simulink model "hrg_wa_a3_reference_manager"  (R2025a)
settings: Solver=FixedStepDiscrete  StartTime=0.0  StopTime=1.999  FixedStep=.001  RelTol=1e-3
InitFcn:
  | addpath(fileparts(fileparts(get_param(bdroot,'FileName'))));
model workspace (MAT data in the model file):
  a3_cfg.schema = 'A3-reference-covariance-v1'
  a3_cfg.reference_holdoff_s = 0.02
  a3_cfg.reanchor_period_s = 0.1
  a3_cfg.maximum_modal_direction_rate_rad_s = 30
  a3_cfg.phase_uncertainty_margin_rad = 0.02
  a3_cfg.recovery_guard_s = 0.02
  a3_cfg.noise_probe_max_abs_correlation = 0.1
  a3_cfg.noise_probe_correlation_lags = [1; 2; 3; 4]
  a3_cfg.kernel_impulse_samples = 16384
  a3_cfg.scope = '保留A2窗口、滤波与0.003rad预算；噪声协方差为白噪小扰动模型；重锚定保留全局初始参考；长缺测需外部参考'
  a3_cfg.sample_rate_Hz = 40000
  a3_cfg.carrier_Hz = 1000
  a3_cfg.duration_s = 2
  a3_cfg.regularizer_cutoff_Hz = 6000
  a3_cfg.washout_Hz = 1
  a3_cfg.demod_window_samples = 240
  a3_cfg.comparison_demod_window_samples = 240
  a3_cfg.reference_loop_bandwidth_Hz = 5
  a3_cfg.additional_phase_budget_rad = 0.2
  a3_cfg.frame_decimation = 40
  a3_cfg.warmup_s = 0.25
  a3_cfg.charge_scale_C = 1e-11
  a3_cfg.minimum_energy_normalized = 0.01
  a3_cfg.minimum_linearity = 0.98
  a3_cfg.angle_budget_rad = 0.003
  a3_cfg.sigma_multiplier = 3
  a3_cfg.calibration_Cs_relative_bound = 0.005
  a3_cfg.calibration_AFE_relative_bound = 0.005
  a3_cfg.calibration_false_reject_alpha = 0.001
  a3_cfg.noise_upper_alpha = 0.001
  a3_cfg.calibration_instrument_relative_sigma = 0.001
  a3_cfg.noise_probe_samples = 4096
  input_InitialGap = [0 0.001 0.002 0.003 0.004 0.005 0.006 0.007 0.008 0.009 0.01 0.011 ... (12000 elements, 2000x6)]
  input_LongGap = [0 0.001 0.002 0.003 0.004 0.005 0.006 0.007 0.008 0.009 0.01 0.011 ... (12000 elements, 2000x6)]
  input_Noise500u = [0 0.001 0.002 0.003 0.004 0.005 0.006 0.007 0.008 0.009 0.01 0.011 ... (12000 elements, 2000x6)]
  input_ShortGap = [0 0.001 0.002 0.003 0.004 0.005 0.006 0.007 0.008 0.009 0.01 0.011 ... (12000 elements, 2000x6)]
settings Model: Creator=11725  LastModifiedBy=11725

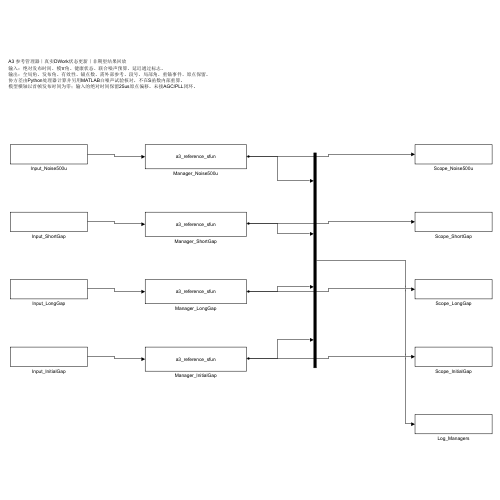
[thumbnail: Simulink's stored preview of the top-level diagram]
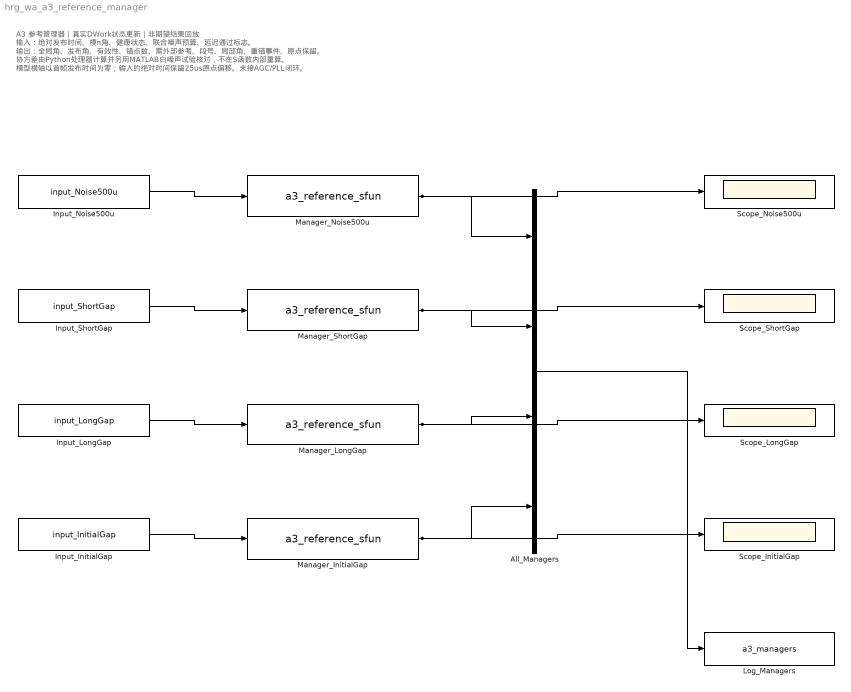
== system hrg_wa_a3_reference_manager ==
  note: A3 参考管理器｜真实DWork状态更新｜非期望结果回放
      | 输入：绝对发布时间、模π角、健康状态、联合噪声预算、延迟通过标志。
      | 输出：全局角、发布角、有效性、锚点数、需外部参考、段号、局部角、重锚事件、原点保留。
      | 协方差由Python处理器计算并另用MATLAB白噪声试验核对，不在S函数内部重算。
      | 模型横轴以首帧发布时间为零；输入的绝对时间保留25us原点偏移。未接AGC/PLL闭环。
  All_Managers : Mux
  Input_InitialGap : FromWorkspace  VariableName=input_InitialGap  SampleTime=.001  Interpolate=off  OutputAfterFinalValue=Holding final value
  Input_LongGap : FromWorkspace  VariableName=input_LongGap  SampleTime=.001  Interpolate=off  OutputAfterFinalValue=Holding final value
  Input_Noise500u : FromWorkspace  VariableName=input_Noise500u  SampleTime=.001  Interpolate=off  OutputAfterFinalValue=Holding final value
  Input_ShortGap : FromWorkspace  VariableName=input_ShortGap  SampleTime=.001  Interpolate=off  OutputAfterFinalValue=Holding final value
  Log_Managers : ToWorkspace  VariableName=a3_managers  SaveFormat=Timeseries  SampleTime=-1
  Manager_InitialGap : M-S-Function  FunctionName=a3_reference_sfun  Parameters=a3_cfg
  Manager_LongGap : M-S-Function  FunctionName=a3_reference_sfun  Parameters=a3_cfg
  Manager_Noise500u : M-S-Function  FunctionName=a3_reference_sfun  Parameters=a3_cfg
  Manager_ShortGap : M-S-Function  FunctionName=a3_reference_sfun  Parameters=a3_cfg
  Scope_InitialGap : Scope
  Scope_LongGap : Scope
  Scope_Noise500u : Scope
  Scope_ShortGap : Scope
  wires:
  Input_Noise500u/1 -> Manager_Noise500u/1
  Manager_Noise500u/1 -> Scope_Noise500u/1, All_Managers/1
  Input_ShortGap/1 -> Manager_ShortGap/1
  Manager_ShortGap/1 -> Scope_ShortGap/1, All_Managers/2
  Input_LongGap/1 -> Manager_LongGap/1
  Manager_LongGap/1 -> Scope_LongGap/1, All_Managers/3
  Input_InitialGap/1 -> Manager_InitialGap/1
  Manager_InitialGap/1 -> Scope_InitialGap/1, All_Managers/4
  All_Managers/1 -> Log_Managers/1

□ □ □ □ □

- Task goal: Could you write out exactly the lines from the line containing "settings Model: Creator=11725" to the end of the material, and nothing else? No pictures belong in the copy.

- Solution to the exercise:
settings Model: Creator=11725  LastModifiedBy=11725

[thumbnail: Simulink's stored preview of the top-level diagram]
== system hrg_wa_a3_reference_manager ==
  note: A3 参考管理器｜真实DWork状态更新｜非期望结果回放
      | 输入：绝对发布时间、模π角、健康状态、联合噪声预算、延迟通过标志。
      | 输出：全局角、发布角、有效性、锚点数、需外部参考、段号、局部角、重锚事件、原点保留。
      | 协方差由Python处理器计算并另用MATLAB白噪声试验核对，不在S函数内部重算。
      | 模型横轴以首帧发布时间为零；输入的绝对时间保留25us原点偏移。未接AGC/PLL闭环。
  All_Managers : Mux
  Input_InitialGap : FromWorkspace  VariableName=input_InitialGap  SampleTime=.001  Interpolate=off  OutputAfterFinalValue=Holding final value
  Input_LongGap : FromWorkspace  VariableName=input_LongGap  SampleTime=.001  Interpolate=off  OutputAfterFinalValue=Holding final value
  Input_Noise500u : FromWorkspace  VariableName=input_Noise500u  SampleTime=.001  Interpolate=off  OutputAfterFinalValue=Holding final value
  Input_ShortGap : FromWorkspace  VariableName=input_ShortGap  SampleTime=.001  Interpolate=off  OutputAfterFinalValue=Holding final value
  Log_Managers : ToWorkspace  VariableName=a3_managers  SaveFormat=Timeseries  SampleTime=-1
  Manager_InitialGap : M-S-Function  FunctionName=a3_reference_sfun  Parameters=a3_cfg
  Manager_LongGap : M-S-Function  FunctionName=a3_reference_sfun  Parameters=a3_cfg
  Manager_Noise500u : M-S-Function  FunctionName=a3_reference_sfun  Parameters=a3_cfg
  Manager_ShortGap : M-S-Function  FunctionName=a3_reference_sfun  Parameters=a3_cfg
  Scope_InitialGap : Scope
  Scope_LongGap : Scope
  Scope_Noise500u : Scope
  Scope_ShortGap : Scope
  wires:
  Input_Noise500u/1 -> Manager_Noise500u/1
  Manager_Noise500u/1 -> Scope_Noise500u/1, All_Managers/1
  Input_ShortGap/1 -> Manager_ShortGap/1
  Manager_ShortGap/1 -> Scope_ShortGap/1, All_Managers/2
  Input_LongGap/1 -> Manager_LongGap/1
  Manager_LongGap/1 -> Scope_LongGap/1, All_Managers/3
  Input_InitialGap/1 -> Manager_InitialGap/1
  Manager_InitialGap/1 -> Scope_InitialGap/1, All_Managers/4
  All_Managers/1 -> Log_Managers/1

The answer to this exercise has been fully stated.